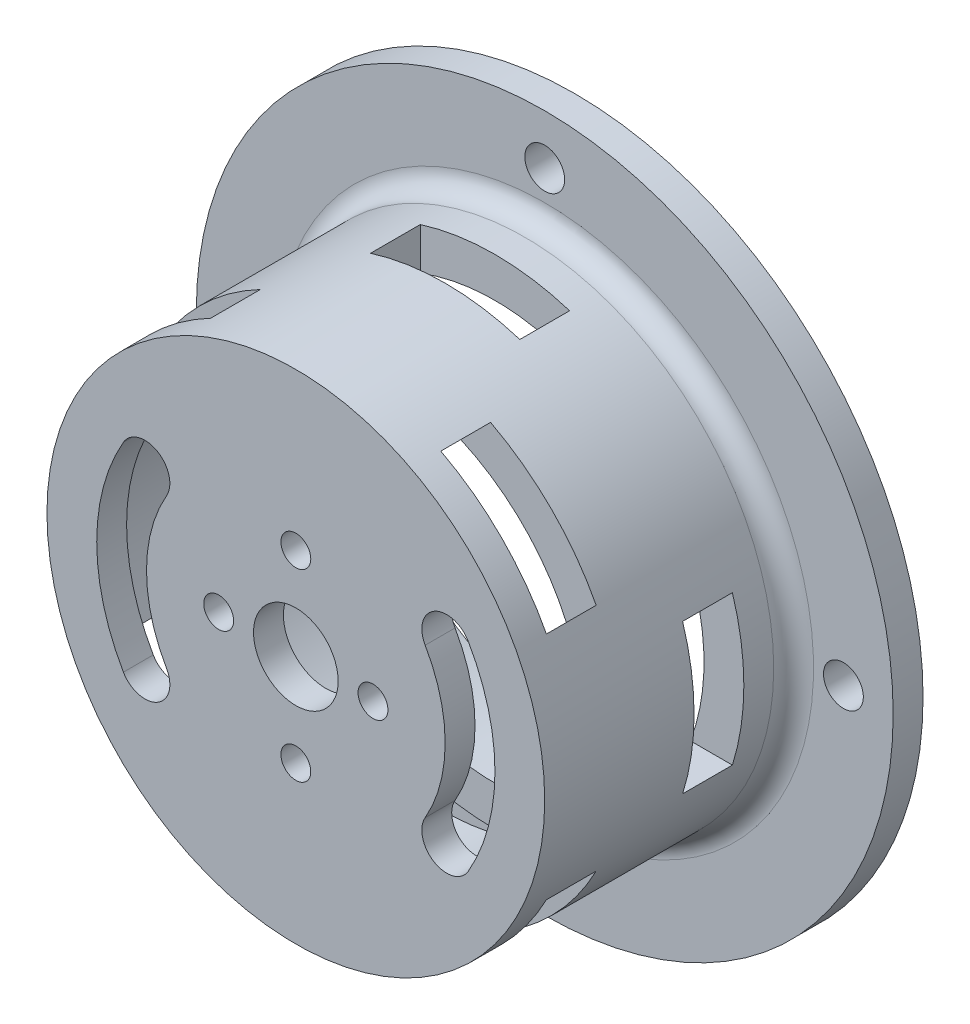
SolidWorks part; units mm, degrees
ref_plane "前视基准面" through (0, 0, 0) normal (0, 0, 1) x (1, 0, 0)
ref_plane "上视基准面" through (0, 0, 0) normal (0, 1, 0) x (1, 0, 0)
ref_plane "右视基准面" through (0, 0, 0) normal (1, 0, 0) x (0, 0, -1)
sketch "草图1" plane through (0, 0, 0) normal (0, 0, 1) x (1, 0, 0)
  circle A0 centre (0, 0) radius 21
  circle A1 centre (0, 0) radius 25
  dimension "D1" = 50
  dimension "D2" = 42
extrude "凸台-拉伸1" add sketch "草图1" along normal blind 25
sketch "草图2" plane through (0, 0, 25) normal (0, 0, 1) x (1, 0, 0)
  circle A1 centre (0, 0) radius 25
extrude "凸台-拉伸2" add sketch "草图2" along normal blind 3
sketch "草图3" plane through (0, 0, 28) normal (0, 0, 1) x (1, 0, 0)
  line L0 (0, 0) -> (0, -8.667) construction
  line L1 (0, 0) -> (-12.2601, 0) construction
  circle A0 centre (0, 0) radius 4.25
  circle A1 centre (0, 9.25) radius 1.5
  circle A2 centre (7.75, 0) radius 1.5
  circle A3 centre (0, -9.25) radius 1.5
  circle A4 centre (-7.75, 0) radius 1.5
  point P7 (0, 0)
  point P10 (0, 0)
  dimension "D3" = 3
  dimension "D4" = 3
  dimension "D5" = 8.5
  dimension "D1" = 9.25
  dimension "D2" = 7.75
extrude "切除-拉伸1" cut sketch "草图3" against normal blind 3
sketch "草图4" plane through (0, 0, 28) normal (0, 0, 1) x (1, 0, 0)
  line L0 (-15.1554, 8.75) -> (0, 0) construction
  line L1 (0, 0) -> (-15.1554, -8.75) construction
  line L2 (0, 0) -> (0, -18.3892) construction
  arc A0 (-15.1554, -8.75) -> (-15.1554, 8.75) centre (0, 0) cw construction
  arc A1 (-17.3205, 10) -> (-17.3205, -10) centre (0, 0) ccw
  arc A2 (-12.9904, 7.5) -> (-12.9904, -7.5) centre (0, 0) ccw
  arc A3 (-12.9904, 7.5) -> (-17.3205, 10) centre (-15.1554, 8.75) ccw
  arc A4 (-17.3205, -10) -> (-12.9904, -7.5) centre (-15.1554, -8.75) ccw
  arc A5 (15.1554, -8.75) -> (15.1554, 8.75) centre (0, 0) ccw construction
  arc A6 (17.3205, 10) -> (17.3205, -10) centre (0, 0) cw
  arc A7 (12.9904, 7.5) -> (12.9904, -7.5) centre (0, 0) cw
  arc A8 (12.9904, 7.5) -> (17.3205, 10) centre (15.1554, 8.75) cw
  arc A9 (17.3205, -10) -> (12.9904, -7.5) centre (15.1554, -8.75) cw
  point P3 (-17.5, 0)
  point P15 (17.5, 0)
  dimension "D1" = 15
  dimension "D2" = 20
  dimension "D3" = 60
extrude "切除-拉伸2" cut sketch "草图4" against normal blind 3
sketch "草图5" plane through (0, 0, 28) normal (0, 0, 1) x (1, 0, 0)
  line L0 (0, 0) -> (15.9988, 0)
  line L1 (0, 0) -> (17.6777, 17.6777)
  line L2 (0, 0) -> (-17.6777, 17.6777)
  circle A0 centre (0, 0) radius 25 construction
  dimension "D1" = 45
  dimension "D2" = 90
ref_plane "基准面1" through (17.6777, 17.6777, 28) normal (0.7071, 0.7071, 0) x (0.7071, -0.7071, 0)
sketch "草图6" plane through (17.6777, 17.6777, 28) normal (0.7071, 0.7071, 0) x (0.7071, -0.7071, 0)
  line L0 (0, 0) -> (11.3128, 0) construction
  line L1 (-7.5, 8) -> (7.5, 8)
  line L2 (-7.5, 8) -> (-7.5, 3)
  line L3 (-7.5, 3) -> (7.5, 3)
  line L4 (7.5, 8) -> (7.5, 3)
  line L5 (0, 3) -> (0, 8) construction
  line L6 (-7.5, 5.5) -> (7.5, 5.5) construction
  line L7 (-25, 0) -> (25, 0) construction
  point P0 (0, 5.5)
  point P6 (0, 0)
  point P7 (0, 0)
  dimension "D1" = 3
  dimension "D2" = 5
  dimension "D3" = 15
extrude "切除-拉伸3" cut sketch "草图6" against normal blind 63
ref_plane "基准面2" through (-17.6777, 17.6777, 28) normal (-0.7071, 0.7071, 0) x (0, 0, 1)
sketch "草图8" plane through (-17.6777, 17.6777, 28) normal (-0.7071, 0.7071, 0) x (0, 0, 1)
  line L1 (-8, 7.5) -> (-3, 7.5)
  line L2 (-8, 7.5) -> (-8, -7.5)
  line L3 (-8, -7.5) -> (-3, -7.5)
  line L4 (-3, 7.5) -> (-3, -7.5)
  line L5 (-5.5, -7.5) -> (-5.5, 7.5) construction
  line L6 (-8, 0) -> (-3, 0) construction
  line L7 (0, -25) -> (0, 25) construction
  point P0 (-5.5, 0)
  point P4 (0, 0)
  point P5 (0, 0)
  dimension "D1" = 5
  dimension "D2" = 15
  dimension "D3" = 3
extrude "切除-拉伸4" cut sketch "草图8" against normal blind 63
sketch "草图9" plane through (0, 0, 0) normal (1, 0, 0) x (0, 0, -1)
  line L0 (0, -25) -> (0, 25) construction
  line L1 (-13, 7.5) -> (-8, 7.5)
  line L2 (-13, 7.5) -> (-13, -7.5)
  line L3 (-13, -7.5) -> (-8, -7.5)
  line L4 (-8, 7.5) -> (-8, -7.5)
  line L5 (-10.5, -7.5) -> (-10.5, 7.5) construction
  line L6 (-13, 0) -> (-8, 0) construction
  point P0 (-10.5, 0)
  point P4 (0, 0)
  dimension "D1" = 5
  dimension "D2" = 15
  dimension "D3" = 8
extrude "切除-拉伸5" cut sketch "草图9" against normal blind 63
pattern_circular "阵列(圆周)2" count 4 over 360 about axis through (0, 0, 0) along (0, 0, 1) of "切除-拉伸5"
sketch "草图10" plane through (0, 0, 0) normal (0, 0, -1) x (-1, 0, 0)
  circle A0 centre (0, 0) radius 35
  circle A2 centre (0, 0) radius 21
  dimension "D1" = 70
extrude "凸台-拉伸3" add sketch "草图10" against normal blind 3
sketch "草图11" plane through (0, 0, 0) normal (0, 0, -1) x (-1, 0, 0)
  circle A0 centre (0, 0) radius 30 construction
  circle A1 centre (0, 30) radius 2
  circle A2 centre (30, 0) radius 2
  circle A3 centre (0, -30) radius 2
  circle A4 centre (-30, 0) radius 2
  dimension "D1" = 4
  dimension "D2" = 60
  dimension "D3" = 4
extrude "切除-拉伸6" cut sketch "草图11" against normal blind 3
fillet "圆角1" radius 2 1 edges at (-25, 0, 3)
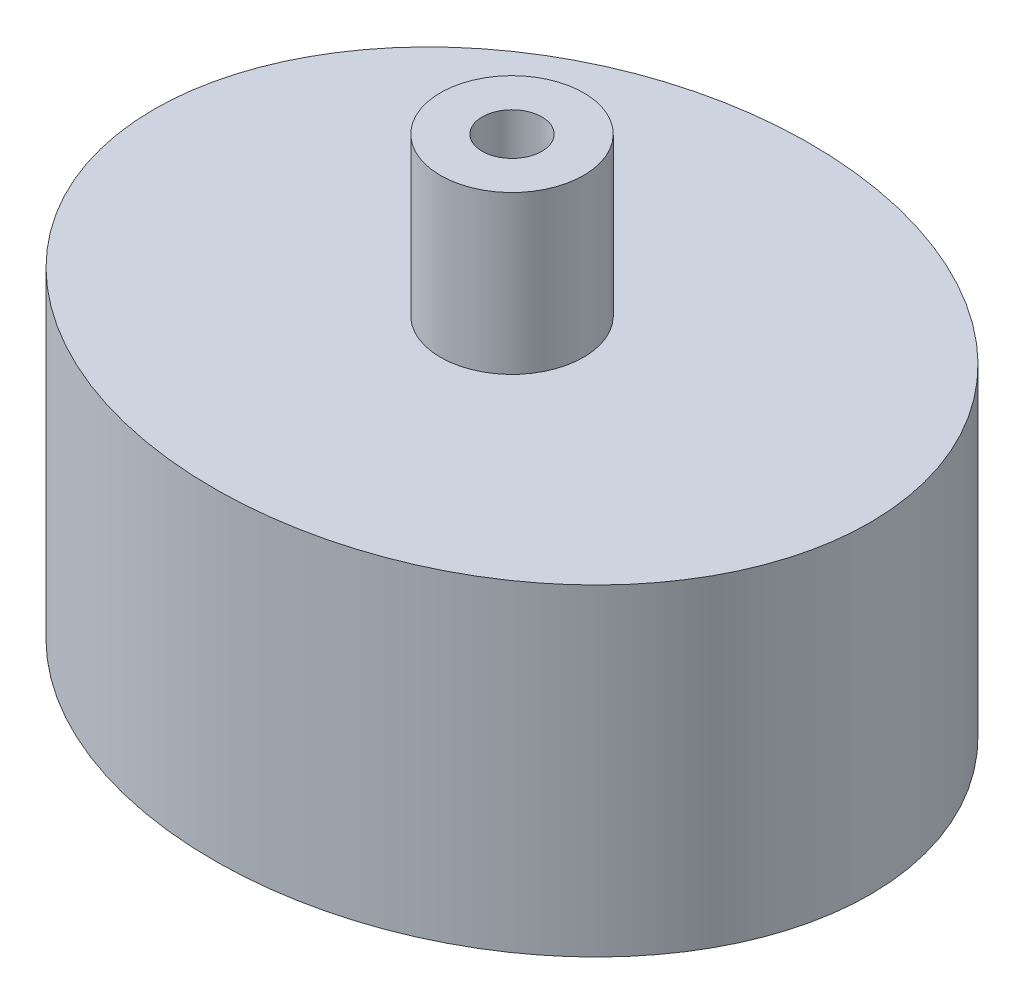
SolidWorks part; units mm, degrees
ref_plane "Front Plane" through (0, 0, 0) normal (0, 0, 1) x (1, 0, 0)
ref_plane "Top Plane" through (0, 0, 0) normal (0, 1, 0) x (1, 0, 0)
ref_plane "Right Plane" through (0, 0, 0) normal (1, 0, 0) x (0, 0, -1)
sketch "Sketch1" plane through (0, 0, 0) normal (0, 1, 0) x (1, 0, 0)
  circle A0 centre (0, 0) radius 25.4
  dimension "D1" = 50.8
extrude "Boss-Extrude1" add sketch "Sketch1" along normal blind 5.842
sketch "Sketch2" plane through (0, 5.842, 0) normal (0, 1, 0) x (1, 0, 0)
  ellipse E0 centre (0, 0) end of major axis (-76.2, 0) minor radius 63.5
  dimension "D1" = 127
  dimension "D2" = 152.4
extrude "Boss-Extrude2" add sketch "Sketch2" along normal blind 68.58
sketch "Sketch3" plane through (0, 74.422, 0) normal (0, 1, 0) x (1, 0, 0)
  circle A0 centre (0, 0) radius 15.24
  dimension "D1" = 30.48
extrude "Boss-Extrude3" add sketch "Sketch3" along normal blind 33.528
sketch "Sketch4" plane through (0, 0, 0) normal (0, 1, 0) x (1, 0, 0)
  circle A0 centre (0, 0) radius 6.35
  dimension "D1" = 12.7
extrude "Cut-Extrude2" cut sketch "Sketch4" against normal through all and the other way through all
- - - - - - -
The required output is a verbatim repetition of the lines from the opening of the entries above through the line containing "arc A8 (12.9904, 7.5)", inclusive, with no pictures and nothing else.

SolidWorks part; units mm, degrees
ref_plane "前视基准面" through (0, 0, 0) normal (0, 0, 1) x (1, 0, 0)
ref_plane "上视基准面" through (0, 0, 0) normal (0, 1, 0) x (1, 0, 0)
ref_plane "右视基准面" through (0, 0, 0) normal (1, 0, 0) x (0, 0, -1)
sketch "草图1" plane through (0, 0, 0) normal (0, 0, 1) x (1, 0, 0)
  circle A0 centre (0, 0) radius 21
  circle A1 centre (0, 0) radius 25
  dimension "D1" = 50
  dimension "D2" = 42
extrude "凸台-拉伸1" add sketch "草图1" along normal blind 25
sketch "草图2" plane through (0, 0, 25) normal (0, 0, 1) x (1, 0, 0)
  circle A1 centre (0, 0) radius 25
extrude "凸台-拉伸2" add sketch "草图2" along normal blind 3
sketch "草图3" plane through (0, 0, 28) normal (0, 0, 1) x (1, 0, 0)
  line L0 (0, 0) -> (0, -8.667) construction
  line L1 (0, 0) -> (-12.2601, 0) construction
  circle A0 centre (0, 0) radius 4.25
  circle A1 centre (0, 9.25) radius 1.5
  circle A2 centre (7.75, 0) radius 1.5
  circle A3 centre (0, -9.25) radius 1.5
  circle A4 centre (-7.75, 0) radius 1.5
  point P7 (0, 0)
  point P10 (0, 0)
  dimension "D3" = 3
  dimension "D4" = 3
  dimension "D5" = 8.5
  dimension "D1" = 9.25
  dimension "D2" = 7.75
extrude "切除-拉伸1" cut sketch "草图3" against normal blind 3
sketch "草图4" plane through (0, 0, 28) normal (0, 0, 1) x (1, 0, 0)
  line L0 (-15.1554, 8.75) -> (0, 0) construction
  line L1 (0, 0) -> (-15.1554, -8.75) construction
  line L2 (0, 0) -> (0, -18.3892) construction
  arc A0 (-15.1554, -8.75) -> (-15.1554, 8.75) centre (0, 0) cw construction
  arc A1 (-17.3205, 10) -> (-17.3205, -10) centre (0, 0) ccw
  arc A2 (-12.9904, 7.5) -> (-12.9904, -7.5) centre (0, 0) ccw
  arc A3 (-12.9904, 7.5) -> (-17.3205, 10) centre (-15.1554, 8.75) ccw
  arc A4 (-17.3205, -10) -> (-12.9904, -7.5) centre (-15.1554, -8.75) ccw
  arc A5 (15.1554, -8.75) -> (15.1554, 8.75) centre (0, 0) ccw construction
  arc A6 (17.3205, 10) -> (17.3205, -10) centre (0, 0) cw
  arc A7 (12.9904, 7.5) -> (12.9904, -7.5) centre (0, 0) cw
  arc A8 (12.9904, 7.5) -> (17.3205, 10) centre (15.1554, 8.75) cw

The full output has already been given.